● **Goal of the exercise**
Transcribe the entries exactly; images are not part of the copy.

(Records contained in a dataset)
----------

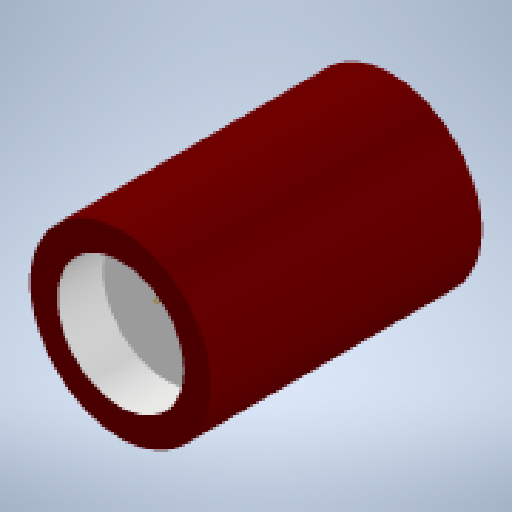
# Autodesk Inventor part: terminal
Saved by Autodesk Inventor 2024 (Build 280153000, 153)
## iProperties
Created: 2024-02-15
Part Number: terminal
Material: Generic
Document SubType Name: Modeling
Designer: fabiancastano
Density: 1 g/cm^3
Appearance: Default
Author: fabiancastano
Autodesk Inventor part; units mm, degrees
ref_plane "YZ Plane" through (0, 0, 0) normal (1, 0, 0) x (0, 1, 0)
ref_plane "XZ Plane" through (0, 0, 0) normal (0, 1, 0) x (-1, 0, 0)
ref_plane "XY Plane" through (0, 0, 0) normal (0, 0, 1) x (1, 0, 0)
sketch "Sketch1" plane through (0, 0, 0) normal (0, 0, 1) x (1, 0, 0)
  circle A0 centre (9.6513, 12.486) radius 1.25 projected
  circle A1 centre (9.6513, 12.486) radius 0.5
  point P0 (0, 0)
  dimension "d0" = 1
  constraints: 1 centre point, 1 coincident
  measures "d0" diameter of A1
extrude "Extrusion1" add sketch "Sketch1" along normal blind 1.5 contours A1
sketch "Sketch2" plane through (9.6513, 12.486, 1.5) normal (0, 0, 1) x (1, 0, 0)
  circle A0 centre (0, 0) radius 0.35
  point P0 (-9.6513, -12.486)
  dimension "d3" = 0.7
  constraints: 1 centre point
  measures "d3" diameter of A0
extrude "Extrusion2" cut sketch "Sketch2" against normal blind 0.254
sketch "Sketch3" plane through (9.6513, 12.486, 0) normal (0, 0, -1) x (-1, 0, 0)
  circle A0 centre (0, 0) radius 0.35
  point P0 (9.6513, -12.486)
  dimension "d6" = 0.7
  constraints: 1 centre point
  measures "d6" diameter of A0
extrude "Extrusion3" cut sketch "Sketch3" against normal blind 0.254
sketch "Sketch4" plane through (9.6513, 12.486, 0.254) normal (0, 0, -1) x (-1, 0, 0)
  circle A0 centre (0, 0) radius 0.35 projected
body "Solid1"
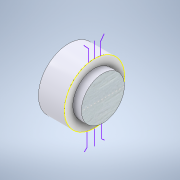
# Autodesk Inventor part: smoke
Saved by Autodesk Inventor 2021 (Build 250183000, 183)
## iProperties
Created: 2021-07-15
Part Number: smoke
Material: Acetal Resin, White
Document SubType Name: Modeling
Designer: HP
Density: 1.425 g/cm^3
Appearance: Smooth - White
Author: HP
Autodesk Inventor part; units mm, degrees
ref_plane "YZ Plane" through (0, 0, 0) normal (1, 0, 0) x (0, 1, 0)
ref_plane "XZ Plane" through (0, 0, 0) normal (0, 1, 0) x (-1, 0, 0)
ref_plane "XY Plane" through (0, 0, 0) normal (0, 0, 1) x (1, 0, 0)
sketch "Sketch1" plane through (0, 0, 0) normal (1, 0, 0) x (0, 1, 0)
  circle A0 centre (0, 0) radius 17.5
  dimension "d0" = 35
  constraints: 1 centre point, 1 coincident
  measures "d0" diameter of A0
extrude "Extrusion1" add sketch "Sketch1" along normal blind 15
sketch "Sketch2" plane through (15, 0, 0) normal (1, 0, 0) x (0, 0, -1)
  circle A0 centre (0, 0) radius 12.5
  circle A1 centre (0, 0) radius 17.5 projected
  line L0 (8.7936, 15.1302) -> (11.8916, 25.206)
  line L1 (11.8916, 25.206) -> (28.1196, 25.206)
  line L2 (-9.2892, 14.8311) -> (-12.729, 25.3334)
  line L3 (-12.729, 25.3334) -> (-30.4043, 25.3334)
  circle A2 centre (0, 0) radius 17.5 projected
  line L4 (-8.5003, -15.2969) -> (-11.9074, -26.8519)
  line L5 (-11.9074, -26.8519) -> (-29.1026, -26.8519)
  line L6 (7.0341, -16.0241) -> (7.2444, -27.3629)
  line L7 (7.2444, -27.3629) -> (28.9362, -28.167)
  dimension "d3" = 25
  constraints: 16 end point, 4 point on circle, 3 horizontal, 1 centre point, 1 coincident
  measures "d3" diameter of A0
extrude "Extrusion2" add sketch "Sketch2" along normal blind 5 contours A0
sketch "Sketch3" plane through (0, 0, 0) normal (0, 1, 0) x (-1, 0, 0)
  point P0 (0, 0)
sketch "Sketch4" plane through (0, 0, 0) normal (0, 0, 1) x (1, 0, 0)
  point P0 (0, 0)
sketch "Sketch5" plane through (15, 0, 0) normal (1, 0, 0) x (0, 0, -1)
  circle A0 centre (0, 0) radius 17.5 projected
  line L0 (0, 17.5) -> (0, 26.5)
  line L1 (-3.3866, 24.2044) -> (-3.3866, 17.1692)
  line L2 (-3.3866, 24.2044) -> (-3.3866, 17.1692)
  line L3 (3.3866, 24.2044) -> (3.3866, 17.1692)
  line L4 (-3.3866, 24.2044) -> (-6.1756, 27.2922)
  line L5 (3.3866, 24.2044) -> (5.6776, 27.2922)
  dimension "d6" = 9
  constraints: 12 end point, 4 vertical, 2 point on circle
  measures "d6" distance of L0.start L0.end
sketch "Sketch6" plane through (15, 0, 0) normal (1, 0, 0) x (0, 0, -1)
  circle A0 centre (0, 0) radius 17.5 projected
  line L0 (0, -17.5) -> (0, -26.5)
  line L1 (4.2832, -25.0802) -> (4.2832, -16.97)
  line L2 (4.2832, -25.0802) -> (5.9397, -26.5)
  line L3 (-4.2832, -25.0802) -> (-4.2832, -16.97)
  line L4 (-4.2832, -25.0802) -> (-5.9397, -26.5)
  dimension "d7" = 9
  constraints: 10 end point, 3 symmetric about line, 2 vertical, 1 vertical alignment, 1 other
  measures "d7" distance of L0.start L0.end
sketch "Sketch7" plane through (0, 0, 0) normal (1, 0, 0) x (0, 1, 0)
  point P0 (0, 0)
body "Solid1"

----------

● **Answer to this task**
# Autodesk Inventor part: terminal
Saved by Autodesk Inventor 2024 (Build 280153000, 153)
## iProperties
Created: 2024-02-15
Part Number: terminal
Material: Generic
Document SubType Name: Modeling
Designer: fabiancastano
Density: 1 g/cm^3
Appearance: Default
Author: fabiancastano
Autodesk Inventor part; units mm, degrees
ref_plane "YZ Plane" through (0, 0, 0) normal (1, 0, 0) x (0, 1, 0)
ref_plane "XZ Plane" through (0, 0, 0) normal (0, 1, 0) x (-1, 0, 0)
ref_plane "XY Plane" through (0, 0, 0) normal (0, 0, 1) x (1, 0, 0)
sketch "Sketch1" plane through (0, 0, 0) normal (0, 0, 1) x (1, 0, 0)
  circle A0 centre (9.6513, 12.486) radius 1.25 projected
  circle A1 centre (9.6513, 12.486) radius 0.5
  point P0 (0, 0)
  dimension "d0" = 1
  constraints: 1 centre point, 1 coincident
  measures "d0" diameter of A1
extrude "Extrusion1" add sketch "Sketch1" along normal blind 1.5 contours A1
sketch "Sketch2" plane through (9.6513, 12.486, 1.5) normal (0, 0, 1) x (1, 0, 0)
  circle A0 centre (0, 0) radius 0.35
  point P0 (-9.6513, -12.486)
  dimension "d3" = 0.7
  constraints: 1 centre point
  measures "d3" diameter of A0
extrude "Extrusion2" cut sketch "Sketch2" against normal blind 0.254
sketch "Sketch3" plane through (9.6513, 12.486, 0) normal (0, 0, -1) x (-1, 0, 0)
  circle A0 centre (0, 0) radius 0.35
  point P0 (9.6513, -12.486)
  dimension "d6" = 0.7
  constraints: 1 centre point
  measures "d6" diameter of A0
extrude "Extrusion3" cut sketch "Sketch3" against normal blind 0.254
sketch "Sketch4" plane through (9.6513, 12.486, 0.254) normal (0, 0, -1) x (-1, 0, 0)
  circle A0 centre (0, 0) radius 0.35 projected
body "Solid1"
# Autodesk Inventor part: smoke
Saved by Autodesk Inventor 2021 (Build 250183000, 183)
## iProperties
Created: 2021-07-15
Part Number: smoke
Material: Acetal Resin, White
Document SubType Name: Modeling
Designer: HP
Density: 1.425 g/cm^3
Appearance: Smooth - White
Author: HP
Autodesk Inventor part; units mm, degrees
ref_plane "YZ Plane" through (0, 0, 0) normal (1, 0, 0) x (0, 1, 0)
ref_plane "XZ Plane" through (0, 0, 0) normal (0, 1, 0) x (-1, 0, 0)
ref_plane "XY Plane" through (0, 0, 0) normal (0, 0, 1) x (1, 0, 0)
sketch "Sketch1" plane through (0, 0, 0) normal (1, 0, 0) x (0, 1, 0)
  circle A0 centre (0, 0) radius 17.5
  dimension "d0" = 35
  constraints: 1 centre point, 1 coincident
  measures "d0" diameter of A0
extrude "Extrusion1" add sketch "Sketch1" along normal blind 15
sketch "Sketch2" plane through (15, 0, 0) normal (1, 0, 0) x (0, 0, -1)
  circle A0 centre (0, 0) radius 12.5
  circle A1 centre (0, 0) radius 17.5 projected
  line L0 (8.7936, 15.1302) -> (11.8916, 25.206)
  line L1 (11.8916, 25.206) -> (28.1196, 25.206)
  line L2 (-9.2892, 14.8311) -> (-12.729, 25.3334)
  line L3 (-12.729, 25.3334) -> (-30.4043, 25.3334)
  circle A2 centre (0, 0) radius 17.5 projected
  line L4 (-8.5003, -15.2969) -> (-11.9074, -26.8519)
  line L5 (-11.9074, -26.8519) -> (-29.1026, -26.8519)
  line L6 (7.0341, -16.0241) -> (7.2444, -27.3629)
  line L7 (7.2444, -27.3629) -> (28.9362, -28.167)
  dimension "d3" = 25
  constraints: 16 end point, 4 point on circle, 3 horizontal, 1 centre point, 1 coincident
  measures "d3" diameter of A0
extrude "Extrusion2" add sketch "Sketch2" along normal blind 5 contours A0
sketch "Sketch3" plane through (0, 0, 0) normal (0, 1, 0) x (-1, 0, 0)
  point P0 (0, 0)
sketch "Sketch4" plane through (0, 0, 0) normal (0, 0, 1) x (1, 0, 0)
  point P0 (0, 0)
sketch "Sketch5" plane through (15, 0, 0) normal (1, 0, 0) x (0, 0, -1)
  circle A0 centre (0, 0) radius 17.5 projected
  line L0 (0, 17.5) -> (0, 26.5)
  line L1 (-3.3866, 24.2044) -> (-3.3866, 17.1692)
  line L2 (-3.3866, 24.2044) -> (-3.3866, 17.1692)
  line L3 (3.3866, 24.2044) -> (3.3866, 17.1692)
  line L4 (-3.3866, 24.2044) -> (-6.1756, 27.2922)
  line L5 (3.3866, 24.2044) -> (5.6776, 27.2922)
  dimension "d6" = 9
  constraints: 12 end point, 4 vertical, 2 point on circle
  measures "d6" distance of L0.start L0.end
sketch "Sketch6" plane through (15, 0, 0) normal (1, 0, 0) x (0, 0, -1)
  circle A0 centre (0, 0) radius 17.5 projected
  line L0 (0, -17.5) -> (0, -26.5)
  line L1 (4.2832, -25.0802) -> (4.2832, -16.97)
  line L2 (4.2832, -25.0802) -> (5.9397, -26.5)
  line L3 (-4.2832, -25.0802) -> (-4.2832, -16.97)
  line L4 (-4.2832, -25.0802) -> (-5.9397, -26.5)
  dimension "d7" = 9
  constraints: 10 end point, 3 symmetric about line, 2 vertical, 1 vertical alignment, 1 other
  measures "d7" distance of L0.start L0.end
sketch "Sketch7" plane through (0, 0, 0) normal (1, 0, 0) x (0, 1, 0)
  point P0 (0, 0)
body "Solid1"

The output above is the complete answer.